# Are all CREC churches FV?



## Anglicanorthodoxy (Jul 18, 2017)

I know the CREC is generally linked with he FV, but are all CRÈC churches FV? There's a CREC church in Annapolis ( where I'll be going to college) It's called Christ Reformed Evangelical Church. I contacted their pastor, and asked him where the parish stands on FV. This is what he said

"As for the Federal Vision, our congregation has never identified with the movement, and there are only a handful of folks here that would even know what it is. I'm quite happy with what the Westminster Confession teaches on justification, and that's what is preached and taught here."

What do y'all think?

Reactions: Like 1


----------



## Jake (Jul 18, 2017)

Not all are. I'd suspect that congregation is comfortable being in the CREC because of higher liturgy than most Presbyterians and practicing paedocommunion.


----------



## Edward (Jul 18, 2017)

Jake said:


> and practicing paedocommunion.



Article I.C. 1&2 of the Constitution on the congregation's website seems to suggest that the congregation doesn't practice Paedeocommunion. Which I found a bit of a surprise. http://www.crecannapolis.com/crec-constitution.pdf

I tend to be wary when dealing with followers of Pope (sorry, "Presiding Minister") Wilson, and would look for another church, but I do want to play fair with this congregation. There are a couple of English speaking PCA churches in the area; I'd look for the best of those.

Reactions: Like 1


----------



## Herald (Jul 18, 2017)

Khater, I am familiar with many of the churches in West Anne Arundel County. There are PCA churches in the area, as well as a Reformed Baptist Church in Gambrills. Message me if you want recommendations.


----------



## Pilgrim (Jul 18, 2017)

Anglicanorthodoxy said:


> I know the CREC is generally linked with he FV, but are all CRÈC churches FV? There's a CREC church in Annapolis ( where I'll be going to college) It's called Christ Reformed Evangelical Church. I contacted their pastor, and asked him where the parish stands on FV. This is what he said
> 
> "As for the Federal Vision, our congregation has never identified with the movement, and there are only a handful of folks here that would even know what it is. I'm quite happy with what the Westminster Confession teaches on justification, and that's what is preached and taught here."
> 
> What do y'all think?



Ask him why they are in the CREC rather than a Presbyterian denomination if they are Westminsterian. What exceptions, if any, do they take to the confession?
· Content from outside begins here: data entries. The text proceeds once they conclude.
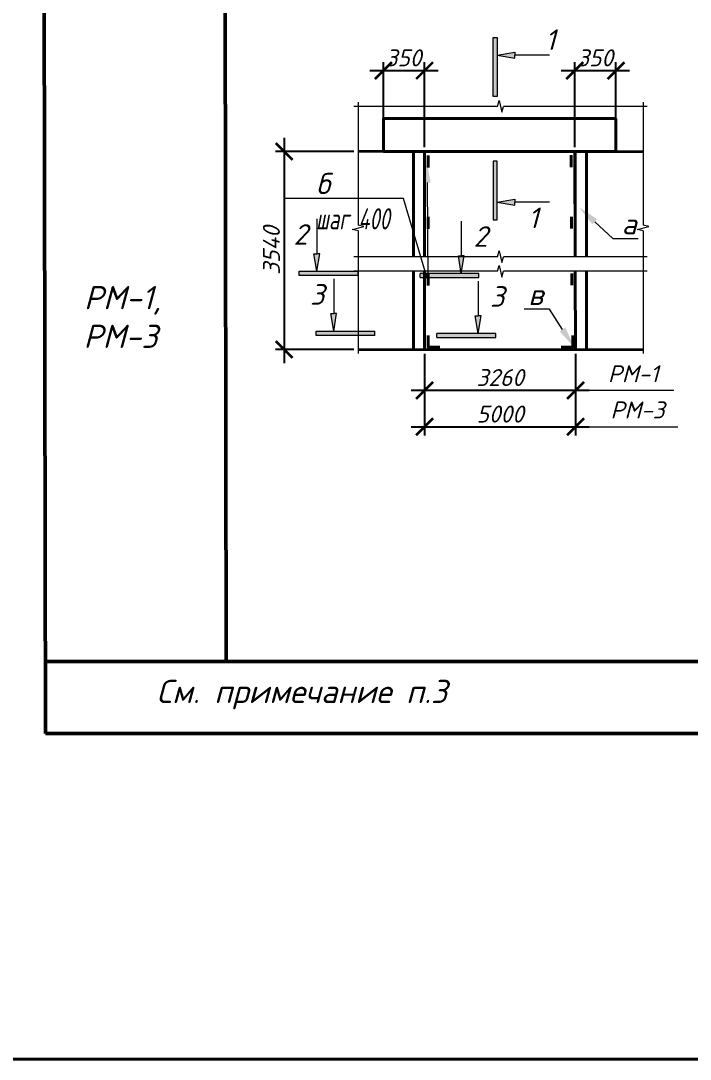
# Model space of a CAD drawing. Header units: millimetres. Extents: x -82276 to 69119, y 30132 to 86759.
# Drawn here: x -44848 to -37449, y 30132 to 41612 of the extents above; entities that cross this region are included whole.
import ezdxf
from ezdxf import colors
from ezdxf.entities.mleader import LeaderData, LeaderLine
from ezdxf.enums import TextEntityAlignment as Align
from ezdxf.math import Vec2, Vec3

# ---------------------------------------------------------------- set-up
doc = ezdxf.new("R2010")
doc.units = ezdxf.units.MM
doc.header["$MEASUREMENT"] = 0
doc.layers.get('0').update_dxf_attribs({"lineweight": 5})
for name, color, linetype, lineweight in [('#ME', 7, 'Continuous', 40), ('#Выноски', 150, 'Continuous', 15), ('#Рамка', 7, 'Continuous', 50), ('#стены наруж', 12, 'Continuous', 35), ('размеры', 7, 'Continuous', 5), ('стены наруж_Ном._пера__97', 7, 'Continuous', 5)]:
    doc.layers.add(name, color=color, linetype=linetype, lineweight=lineweight)
doc.layers.add('текст', color=7, linetype='Continuous')
doc.styles.add('GOST 2.304', font='isocpeui.ttf')
doc.styles.add('STEP PR', font='isocpeui.ttf')
doc.dimstyles.new('SPDS', dxfattribs={"dimscale": 50, "dimtxt": 2.5, "dimasz": 2.5, "dimexe": 1.25, "dimexo": 0.625, "dimtad": 1, "dimdec": 0, "dimrnd": 0.001, "dimtxsty": 'STEP PR', "dimblk": 'ARCHTICK', "dimcen": 2.5, "dimdle": 2, "dimclrd": 256, "dimclre": 256, "dimclrt": 7, "dimadec": 0, "dimazin": 2, "dimtfac": 0.75, "dimtdec": 0, "dimtmove": 1, "dimatfit": 3, "dimfxl": 1, "dimtolj": 1, "dimarcsym": 1})

# ---------------------------------------------------------------- blocks, each defined once
blk = doc.blocks.new('*U303')
at = {"color": 0, "linetype": 'ByBlock', "lineweight": -2}
for p, q in [((30.54, 0), (30.86, 1.25)), ((30.86, 1.25), (31.48, -1.25)), ((30.54, 0), (0, 0)), ((31.48, -1.25), (31.79, 0)), ((62.34, 0), (31.79, 0))]:
    blk.add_line(p, q, dxfattribs=at)
blk = doc.blocks.new('*U304')
at = {"color": 0, "linetype": 'ByBlock', "lineweight": -2}
for p, q in [((26.09, 0), (26.4, 1.25)), ((26.4, 1.25), (27.03, -1.25)), ((26.09, 0), (0, 0)), ((27.03, -1.25), (27.34, 0)), ((53.43, 0), (27.34, 0))]:
    blk.add_line(p, q, dxfattribs=at)
blk = doc.blocks.new('_ArchTick')
at = {"color": 0, "linetype": 'ByBlock', "const_width": 0.15}
blk.add_lwpolyline([(-0.5, -0.5), (0.5, 0.5)], dxfattribs=at)
blk = doc.blocks.new('*D318')
at = {"layer": 'Defpoints', "color": 0, "transparency": 16777216}
for p in [(-40385, 41061), (-40839, 40167), (-40385, 40167)]:
    blk.add_point(p, dxfattribs=at)
at = {"layer": 'размеры', "lineweight": -2, "transparency": 16777216}
for p, q in [((-40839, 40214), (-40839, 41155)), ((-40385, 40214), (-40385, 41155)), ((-40989, 41061), (-40235, 41061))]:
    blk.add_line(p, q, dxfattribs=at)
at = {"layer": 'размеры', "lineweight": -2, "transparency": 16777216, "xscale": 187.5, "yscale": 187.5, "zscale": 187.5, "rotation": 180}
blk.add_blockref('_ArchTick', (-40839, 41061), dxfattribs=at)
at = {"layer": 'размеры', "lineweight": -2, "transparency": 16777216, "xscale": 187.5, "yscale": 187.5, "zscale": 187.5}
blk.add_blockref('_ArchTick', (-40385, 41061), dxfattribs=at)
at = {"layer": 'размеры', "transparency": 16777216, "insert": (-40619, 41202), "char_height": 187.5, "attachment_point": 5, "style": 'STEP PR'}
blk.add_mtext('\\A1;350\\P', dxfattribs=at)
blk = doc.blocks.new('*D319')
at = {"layer": 'Defpoints', "color": 0, "transparency": 16777216}
for p in [(-38270, 41061), (-38725, 40167), (-38270, 40167)]:
    blk.add_point(p, dxfattribs=at)
at = {"layer": 'размеры', "lineweight": -2, "transparency": 16777216}
for p, q in [((-38725, 40214), (-38725, 41155)), ((-38270, 40214), (-38270, 41155)), ((-38875, 41061), (-38120, 41061))]:
    blk.add_line(p, q, dxfattribs=at)
at = {"layer": 'размеры', "lineweight": -2, "transparency": 16777216, "xscale": 187.5, "yscale": 187.5, "zscale": 187.5, "rotation": 180}
blk.add_blockref('_ArchTick', (-38725, 41061), dxfattribs=at)
at = {"layer": 'размеры', "lineweight": -2, "transparency": 16777216, "xscale": 187.5, "yscale": 187.5, "zscale": 187.5}
blk.add_blockref('_ArchTick', (-38270, 41061), dxfattribs=at)
at = {"layer": 'размеры', "transparency": 16777216, "insert": (-38501, 41202), "char_height": 187.5, "attachment_point": 5, "style": 'STEP PR'}
blk.add_mtext('\\A1;350\\P', dxfattribs=at)
blk = doc.blocks.new('*D320')
at = {"layer": 'Defpoints', "color": 0, "transparency": 16777216}
for p in [(-40385, 37978), (-38716, 37978), (-38716, 37527)]:
    blk.add_point(p, dxfattribs=at)
at = {"layer": 'размеры', "lineweight": -2, "transparency": 16777216}
for p, q in [((-40385, 37931), (-40385, 37433)), ((-38716, 37931), (-38716, 37433)), ((-40535, 37527), (-38566, 37527))]:
    blk.add_line(p, q, dxfattribs=at)
at = {"layer": 'размеры', "lineweight": -2, "transparency": 16777216, "xscale": 187.5, "yscale": 187.5, "zscale": 187.5, "rotation": 180}
blk.add_blockref('_ArchTick', (-40385, 37527), dxfattribs=at)
at = {"layer": 'размеры', "lineweight": -2, "transparency": 16777216, "xscale": 187.5, "yscale": 187.5, "zscale": 187.5}
blk.add_blockref('_ArchTick', (-38716, 37527), dxfattribs=at)
at = {"layer": 'размеры', "color": 7, "transparency": 16777216, "insert": (-39550, 37668), "char_height": 187.5, "attachment_point": 5, "style": 'STEP PR'}
blk.add_mtext('\\A1;3260', dxfattribs=at)
blk = doc.blocks.new('*U272')
at = {"linetype": 'ByBlock', "ltscale": 100}
h = blk.add_hatch(color=256, dxfattribs=at)
h.dxf.hatch_style = 1
h.paths.add_polyline_path([(35, 1000), (-35, 1000), (-35, 0), (35, 0)])
h = blk.add_hatch(color=256, dxfattribs=at)
h.dxf.hatch_style = 1
h.paths.add_polyline_path([(335, 750), (335, 700), (335, 650), (35, 700)])
for p, q in [((-35, 1000), (35, 1000)), ((-35, 0), (-35, 1000)), ((35, 1000), (35, 0)), ((35, 700), (335, 750)), ((335, 750), (335, 700)), ((35, 700), (335, 650)), ((335, 650), (335, 700)), ((35, 0), (-35, 0))]:
    blk.add_line(p, q, dxfattribs=at)
at = {"linetype": 'ByBlock', "ltscale": 100, "extrusion": (0, 1, 0), "elevation": 700}
blk.add_lwpolyline([(-925, 0), (-335, 0)], dxfattribs=at)
at = {"ltscale": 100, "style": 'STEP PR'}
blk.add_attdef('Nv', text='', height=350, dxfattribs=at).set_placement((781, 790), align=Align.RIGHT)
blk = doc.blocks.new('*U273')
at = {"linetype": 'ByBlock', "ltscale": 100}
h = blk.add_hatch(color=256, dxfattribs=at)
h.dxf.hatch_style = 1
h.paths.add_polyline_path([(35, 0), (-35, 0), (-35, -1000), (35, -1000)])
h = blk.add_hatch(color=256, dxfattribs=at)
h.dxf.hatch_style = 1
h.paths.add_polyline_path([(335, -750), (335, -700), (335, -650), (35, -700)])
for p, q in [((35, 0), (-35, 0)), ((-35, 0), (-35, -1000)), ((35, -1000), (35, 0)), ((35, -700), (335, -650)), ((35, -700), (335, -750)), ((335, -650), (335, -700)), ((335, -750), (335, -700)), ((-35, -1000), (35, -1000))]:
    blk.add_line(p, q, dxfattribs=at)
at = {"linetype": 'ByBlock', "ltscale": 100, "extrusion": (0, -1, 0), "elevation": 700}
blk.add_lwpolyline([(925, 0), (335, 0)], dxfattribs=at)
at = {"ltscale": 100, "style": 'STEP PR'}
blk.add_attdef('Nv', text='', height=350, dxfattribs=at).set_placement((781, -1140), align=Align.RIGHT)
blk = doc.blocks.new('*U305')
at = {"ltscale": 100}
h = blk.add_hatch(color=256, dxfattribs=at)
h.dxf.hatch_style = 1
h.paths.add_polyline_path([(-85, 1070), (-35, 1070), (15, 1070), (-35, 770)])
h = blk.add_hatch(color=256, dxfattribs=at)
h.dxf.hatch_style = 1
h.paths.add_polyline_path([(665, 700), (665, 770), (-335, 770), (-335, 700)])
at = {"linetype": 'Continuous', "ltscale": 100}
for p, q in [((-85, 1070), (-35, 1070)), ((-35, 770), (-85, 1070)), ((-35, 770), (15, 1070)), ((15, 1070), (-35, 1070)), ((-335, 700), (-335, 770)), ((-335, 770), (665, 770)), ((665, 700), (-335, 700))]:
    blk.add_line(p, q, dxfattribs=at)
at = {"linetype": 'Continuous', "ltscale": 100, "extrusion": (-1, -1e-16, 0), "elevation": 35}
blk.add_lwpolyline([(-1660, 0), (-1070, 0)], dxfattribs=at)
at = {"linetype": 'Continuous', "ltscale": 100}
blk.add_lwpolyline([(665, 700), (665, 770)], dxfattribs=at)
at = {"ltscale": 100, "style": 'STEP PR'}
blk.add_attdef('Nh', text='', height=350, dxfattribs=at).set_placement((-192, 1222), align=Align.RIGHT)
blk = doc.blocks.new('*U306')
at = {"ltscale": 100}
h = blk.add_hatch(color=256, dxfattribs=at)
h.dxf.hatch_style = 1
h.paths.add_polyline_path([(1415, 1070), (1365, 1070), (1315, 1070), (1365, 770)])
h = blk.add_hatch(color=256, dxfattribs=at)
h.dxf.hatch_style = 1
h.paths.add_polyline_path([(1665, 700), (1665, 770), (665, 770), (665, 700)])
at = {"linetype": 'Continuous', "ltscale": 100}
for p, q in [((1365, 770), (1315, 1070)), ((1315, 1070), (1365, 1070)), ((1415, 1070), (1365, 1070)), ((1365, 770), (1415, 1070)), ((1665, 770), (665, 770)), ((1665, 700), (1665, 770)), ((665, 700), (1665, 700))]:
    blk.add_line(p, q, dxfattribs=at)
at = {"linetype": 'Continuous', "ltscale": 100, "extrusion": (1, -1e-16, 0), "elevation": 1365}
blk.add_lwpolyline([(1660, 0), (1070, 0)], dxfattribs=at)
at = {"linetype": 'Continuous', "ltscale": 100}
blk.add_lwpolyline([(665, 700), (665, 770)], dxfattribs=at)
at = {"ltscale": 100, "style": 'STEP PR'}
blk.add_attdef('Nh', text='', height=350, dxfattribs=at).set_placement((1799, 1222), align=Align.RIGHT)
blk = doc.blocks.new('*D330')
at = {"layer": 'Defpoints', "color": 0, "transparency": 16777216}
for p in [(-41121, 40167), (-41937, 37978), (-41121, 37978)]:
    blk.add_point(p, dxfattribs=at)
at = {"layer": 'размеры', "lineweight": -2, "transparency": 16777216}
for p, q in [((-41937, 40317), (-41937, 37828)), ((-41168, 40167), (-42031, 40167)), ((-41168, 37978), (-42031, 37978))]:
    blk.add_line(p, q, dxfattribs=at)
at = {"layer": 'размеры', "lineweight": -2, "transparency": 16777216, "xscale": 187.5, "yscale": 187.5, "zscale": 187.5}
for p, rotation in [((-41937, 40167), 90), ((-41937, 37978), 270)]:
    blk.add_blockref('_ArchTick', p, dxfattribs=dict(at, rotation=rotation))
at = {"layer": 'размеры', "color": 7, "transparency": 16777216, "insert": (-42078, 39072), "char_height": 187.5, "attachment_point": 5, "rotation": 90, "style": 'STEP PR'}
blk.add_mtext('\\A1;3540', dxfattribs=at)
blk = doc.blocks.new('*D339')
at = {"layer": 'Defpoints', "color": 0, "transparency": 16777216}
for p in [(-40385, 37574), (-38716, 37574), (-38716, 37123)]:
    blk.add_point(p, dxfattribs=at)
at = {"layer": 'размеры', "lineweight": -2, "transparency": 16777216}
for p, q in [((-40385, 37527), (-40385, 37029)), ((-38716, 37527), (-38716, 37029)), ((-40535, 37123), (-38566, 37123))]:
    blk.add_line(p, q, dxfattribs=at)
at = {"layer": 'размеры', "lineweight": -2, "transparency": 16777216, "xscale": 187.5, "yscale": 187.5, "zscale": 187.5, "rotation": 180}
blk.add_blockref('_ArchTick', (-40385, 37123), dxfattribs=at)
at = {"layer": 'размеры', "lineweight": -2, "transparency": 16777216, "xscale": 187.5, "yscale": 187.5, "zscale": 187.5}
blk.add_blockref('_ArchTick', (-38716, 37123), dxfattribs=at)
at = {"layer": 'размеры', "color": 7, "transparency": 16777216, "insert": (-39550, 37264), "char_height": 187.5, "attachment_point": 5, "style": 'STEP PR'}
blk.add_mtext('\\A1;5000', dxfattribs=at)

msp = doc.modelspace()

# ---------------------------------------------------------------- linework, layer by layer
at = {"layer": '#ME'}
for points in [[(-40839.4, 40167), (-40839.4, 40531)], [(-40839.4, 40531), (-38269.9, 40531)], [(-38269.9, 40167), (-38269.9, 40531)], [(-40839.4, 40167), (-38269.9, 40167)], [(-40508.8, 40167), (-40508.8, 39004.2)], [(-40384.6, 40167), (-40384.6, 39004.2)], [(-40345.6, 39991.8), (-40345.6, 40121.8)], [(-38763, 39994.9), (-38763.5, 40124.9)], [(-38720.1, 40167), (-38720.1, 39004.2)], [(-38596, 40167), (-38596, 39004.2)], [(-40345.6, 39313), (-40345.6, 39443)], [(-38760.3, 39316.1), (-38760.8, 39446.1)], [(-40508.8, 38842.3), (-40508.8, 37977.9)], [(-40384.6, 38842.3), (-40384.6, 37977.9)], [(-40345.6, 38685.3), (-40345.6, 38815.3)], [(-38757.9, 38688.5), (-38758.4, 38818.5)], [(-38719.5, 38842.3), (-38716.2, 37978)], [(-38596, 38842.3), (-38596, 37977.9)], [(-40345.6, 38133.9), (-40345.6, 38003.9), (-40215.6, 38003.9)], [(-38745.5, 38133.9), (-38745.5, 38003.9), (-38875.5, 38003.9)]]:
    msp.add_lwpolyline(points, dxfattribs=at)
at = {"layer": '#Рамка', "linetype": 'Continuous', "ltscale": 100}
for p, q in [((-44600.5, 48119.8), (-44576.7, 33734.2)), ((-42600.5, 48119.8), (-42577.6, 34527.7)), ((-44576.7, 34527.7), (-31576.7, 34527.7)), ((-44576.7, 33734.2), (-31576.7, 33734.2))]:
    msp.add_line(p, q, dxfattribs=at)
at = {"layer": '#стены наруж'}
for points in [[(-40384.6, 39004.2), (-40384.6, 40167), (-41120.8, 40167)], [(-38720.1, 39004.2), (-38724.6, 40167), (-37970.3, 40167)], [(-40384.6, 37977.9), (-40384.6, 38842.3)], [(-38716.2, 37977.9), (-38719.5, 38842.3)], [(-41120.8, 37977.9), (-37970.3, 37977.9)]]:
    msp.add_lwpolyline(points, dxfattribs=at)
at = {"color": 210}
msp.add_lwpolyline([(-40384.6, 37977.9), (-38716.2, 37978)], dxfattribs=at)
at = {"layer": 'размеры'}
for points in [[(-38566.2, 37527), (-37631.5, 37527)], [(-38566.2, 37122.9), (-37586.5, 37122.9)]]:
    msp.add_lwpolyline(points, dxfattribs=at)
at = {"layer": 'стены наруж_Ном._пера__97', "color": 3, "lineweight": 40}
msp.add_lwpolyline([(-82275.7, 86759), (55717.2, 86759), (55717.2, 30132.2), (-82275.7, 30132.2)], close=True, dxfattribs=at)

# ---------------------------------------------------------------- block references
ref = msp.add_blockref('*U272', (-39605, 40776), dxfattribs=dict(xscale=0.65, yscale=0.65, zscale=0.65))
ref.add_attrib('Nv', '1', dxfattribs={"ltscale": 100, "height": 227.5, "style": 'STEP PR'}).set_placement((-38937.8, 41289.5), align=Align.RIGHT)
at = {"xscale": 52, "yscale": 52, "zscale": 52, "rotation": 90}
for p in [(-41120.8, 37932.4), (-37970.3, 37932.4)]:
    msp.add_blockref('*U304', p, dxfattribs=at)
at = {"xscale": 52, "yscale": 52, "zscale": 52}
for p in [(-41166.3, 40665.1), (-41166.3, 39004.2), (-41166.3, 38842.3)]:
    msp.add_blockref('*U303', p, dxfattribs=at)
ref = msp.add_blockref('*U273', (-39605, 40061.3), dxfattribs=dict(xscale=0.65, yscale=0.65, zscale=0.65))
ref.add_attrib('Nv', '1', dxfattribs={"ltscale": 100, "height": 227.5, "style": 'STEP PR'}).set_placement((-39126.2, 39320.3), align=Align.RIGHT)
at = {"xscale": 0.65, "yscale": 0.65, "zscale": 0.65}
for p, values in [((-41553.1, 38341.8), {'Nh': '2'}), ((-41366.8, 37678.7), {'Nh': '3'})]:
    msp.add_blockref('*U305', p, dxfattribs=at).add_auto_attribs(values)
ref = msp.add_blockref('*U306', (-40866.4, 38319.1), dxfattribs=dict(xscale=0.65, yscale=0.65, zscale=0.65))
ref.add_attrib('Nh', '2', dxfattribs={"ltscale": 100, "height": 227.5, "style": 'STEP PR'}).set_placement((-39688.8, 39113.3), align=Align.RIGHT)
ref = msp.add_blockref('*U306', (-40680.2, 37656), dxfattribs=dict(xscale=0.65, yscale=0.65, zscale=0.65))
ref.add_attrib('Nh', '3', dxfattribs={"ltscale": 100, "height": 227.5, "style": 'STEP PR'}).set_placement((-39502.6, 38450.2), align=Align.RIGHT)

# ---------------------------------------------------------------- texts
at = {"layer": 'размеры', "color": 7, "char_height": 187.5, "width": 1236.519, "attachment_point": 5, "style": 'STEP PR'}
for s, insert in [('\\A1;РМ-1', (-38078.8, 37709.8)), ('\\A1;РМ-3', (-38031.5, 37310))]:
    msp.add_mtext(s, dxfattribs=dict(at, insert=insert))
at = {"layer": 'текст', "ltscale": 100, "char_height": 256.564, "attachment_point": 1, "style": 'GOST 2.304'}
for s, width, heights, insert in [('\\pi561.31;РМ-1,\\P\\pi556.26;РМ-3', 1970.449, [2370.7], (-44711.2, 38679.3)), ('См. примечание п.3', 11334.191, [1852], (-43347.4, 34326.2))]:
    msp.add_mtext_dynamic_manual_height_columns(s, width=width, gutter_width=1250, heights=heights, dxfattribs=dict(at, insert=insert))

# ---------------------------------------------------------------- dimensions: what is measured, and where the dimension line sits
at = {"layer": 'размеры'}
for base, p1, p2, picture, middle in [((-40384.6, 41061.3), (-40839.4, 40167), (-40384.6, 40167), '*D318', (-40619.1, 41061.3)), ((-38269.9, 41061.3), (-38724.6, 40167), (-38269.9, 40167), '*D319', (-38501.4, 41061.3))]:
    dim = msp.add_linear_dim(base=base, p1=p1, p2=p2, text='350\\P', dimstyle='SPDS', override={"dimscale": 75, "dimclrt": 256}, dxfattribs=at)
    dim.commit()
    dim.dimension.update_dxf_attribs({"geometry": picture, "text_midpoint": middle, "dimtype": 160})
dim = msp.add_linear_dim(base=(-41937.4, 37977.9), p1=(-41120.8, 40167), p2=(-41120.8, 37977.9), angle=90, text='3540', dimstyle='SPDS', override={"dimscale": 75}, dxfattribs=at)
dim.commit()
dim.dimension.update_dxf_attribs({"geometry": '*D330', "text_midpoint": (-42078, 39072.5)})
for base, p1, p2, text, picture, middle in [((-38716.2, 37527), (-40384.6, 37977.9), (-38716.2, 37977.9), '3260', '*D320', (-39550.4, 37667.6)), ((-38716.2, 37122.9), (-40384.6, 37573.9), (-38716.2, 37573.9), '5000', '*D339', (-39550.4, 37263.5))]:
    dim = msp.add_linear_dim(base=base, p1=p1, p2=p2, text=text, dimstyle='SPDS', override={"dimscale": 75}, dxfattribs=at)
    dim.commit()
    dim.dimension.update_dxf_attribs({"geometry": picture, "text_midpoint": middle})

# ---------------------------------------------------------------- leaders
at = {"layer": '#Выноски'}
ml = msp.add_multileader_mtext('Standard', dxfattribs=at)
ml.set_content('\\A1;б\\P{\\W0.7;шаг 400}', color=256, style='STEP PR')
ml.set_leader_properties(color=256, linetype='ByLayer', lineweight=-1)
ml.build(insert=Vec2(0, 0))
ml.multileader.update_dxf_attribs({"text_left_attachment_type": 6, "text_right_attachment_type": 6, "dogleg_length": 0, "arrow_head_size": 234, "scale": 0.75})
ctx = ml.context
ctx.base_point, ctx.scale, ctx.char_height, ctx.arrow_head_size, ctx.landing_gap_size, ctx.plane_origin = Vec3(-41682, 39648.7), 0.75, 234, 234, 97.5, Vec3(-33418.1, 18845.3)
ctx.left_attachment, ctx.right_attachment = 6, 6
notes = []
notes.append((ctx, [(1, (1, 1, 0), (-40618.7, 39648.7), (-1, 0), 0, [(1, [(-40358.6, 40056.8), (-40348.3, 38741.6)], 0, [])])]))
ctx.mtext.insert, ctx.mtext.rotation, ctx.mtext.width, ctx.mtext.flow_direction = Vec3(-41584.5, 39929.5), 6.2831853, 1624.422, 5
ml = msp.add_multileader_mtext('Standard', dxfattribs=at)
ml.set_content('\\A1;a', color=256, style='STEP PR')
ml.set_leader_properties(color=256, linetype='ByLayer', lineweight=-1)
ml.build(insert=Vec2(0, 0))
ml.multileader.update_dxf_attribs({"text_left_attachment_type": 6, "text_right_attachment_type": 6, "dogleg_length": 0, "arrow_head_size": 234, "scale": 0.75})
ctx = ml.context
ctx.base_point, ctx.scale, ctx.char_height, ctx.arrow_head_size, ctx.landing_gap_size, ctx.plane_origin = Vec3(-38304.6, 39203.5), 0.75, 234, 234, 97.5, Vec3(-29006.7, 18510.1)
ctx.left_attachment, ctx.right_attachment = 6, 6
notes.append((ctx, [(0, (1, 1, 0), (-38304.6, 39203.5), (1, 0), 0, [(0, [(-38676, 39550.3)], 0, [])])]))
ctx.mtext.insert, ctx.mtext.rotation, ctx.mtext.flow_direction = Vec3(-38207.1, 39484.3), 6.2831853, 5
ml = msp.add_multileader_mtext('Standard', dxfattribs=at)
ml.set_content('\\A1;в', color=256, style='STEP PR')
ml.set_leader_properties(color=256, linetype='ByLayer', lineweight=-1)
ml.build(insert=Vec2(0, 0))
ml.multileader.update_dxf_attribs({"text_left_attachment_type": 6, "text_right_attachment_type": 6, "dogleg_length": 0, "arrow_head_size": 234, "scale": 0.75})
ctx = ml.context
ctx.base_point, ctx.scale, ctx.char_height, ctx.arrow_head_size, ctx.landing_gap_size, ctx.plane_origin = Vec3(-39336.3, 38422.5), 0.75, 234, 234, 97.5, Vec3(-29001, 17642.9)
ctx.left_attachment, ctx.right_attachment = 6, 6
notes.append((ctx, [(1, (1, 1, 0), (-39004.6, 38422.5), (-1, 0), 0, [(0, [(-38732.5, 38003.9)], 0, [])])]))
ctx.mtext.insert, ctx.mtext.rotation, ctx.mtext.flow_direction = Vec3(-39238.8, 38703.3), 6.2831853, 5
for ctx, leaders in notes:
    for number, flags, end, landing, length, lines in leaders:
        leader = LeaderData()
        leader.index, (leader.has_last_leader_line, leader.has_dogleg_vector, leader.attachment_direction) = number, flags
        leader.last_leader_point, leader.dogleg_vector, leader.dogleg_length = Vec3(end), Vec3(landing), length
        for number, points, colour, breaks in lines:
            line = LeaderLine()
            line.index, line.vertices, line.color, line.breaks = number, Vec3.list(points), colors.encode_raw_color(colour), breaks
            leader.lines.append(line)
        ctx.leaders.append(leader)

doc.saveas('drawing.dxf')

If they are in the CREC, at the very least they are OK with being yoked together with FV churches.

Reactions: Like 1 | Amen 1


----------



## Jake (Jul 18, 2017)

Edward said:


> Article I.C. 1&2 of the Constitution on the congregation's website seems to suggest that the congregation doesn't practice Paedeocommunion. Which I found a bit of a surprise. http://www.crecannapolis.com/crec-constitution.pdf
> 
> I tend to be wary when dealing with followers of Pope (sorry, "Presiding Minister") Wilson, and would look for another church, but I do want to play fair with this congregation. There are a couple of English speaking PCA churches in the area; I'd look for the best of those.



I must have spoken too hastily. I was trying to look for information on the pastor and saw the church listed on a site listing churches that practice paedocommunion (with the current pastor's name). But it's possible the list was not reputable or just was out-of-date.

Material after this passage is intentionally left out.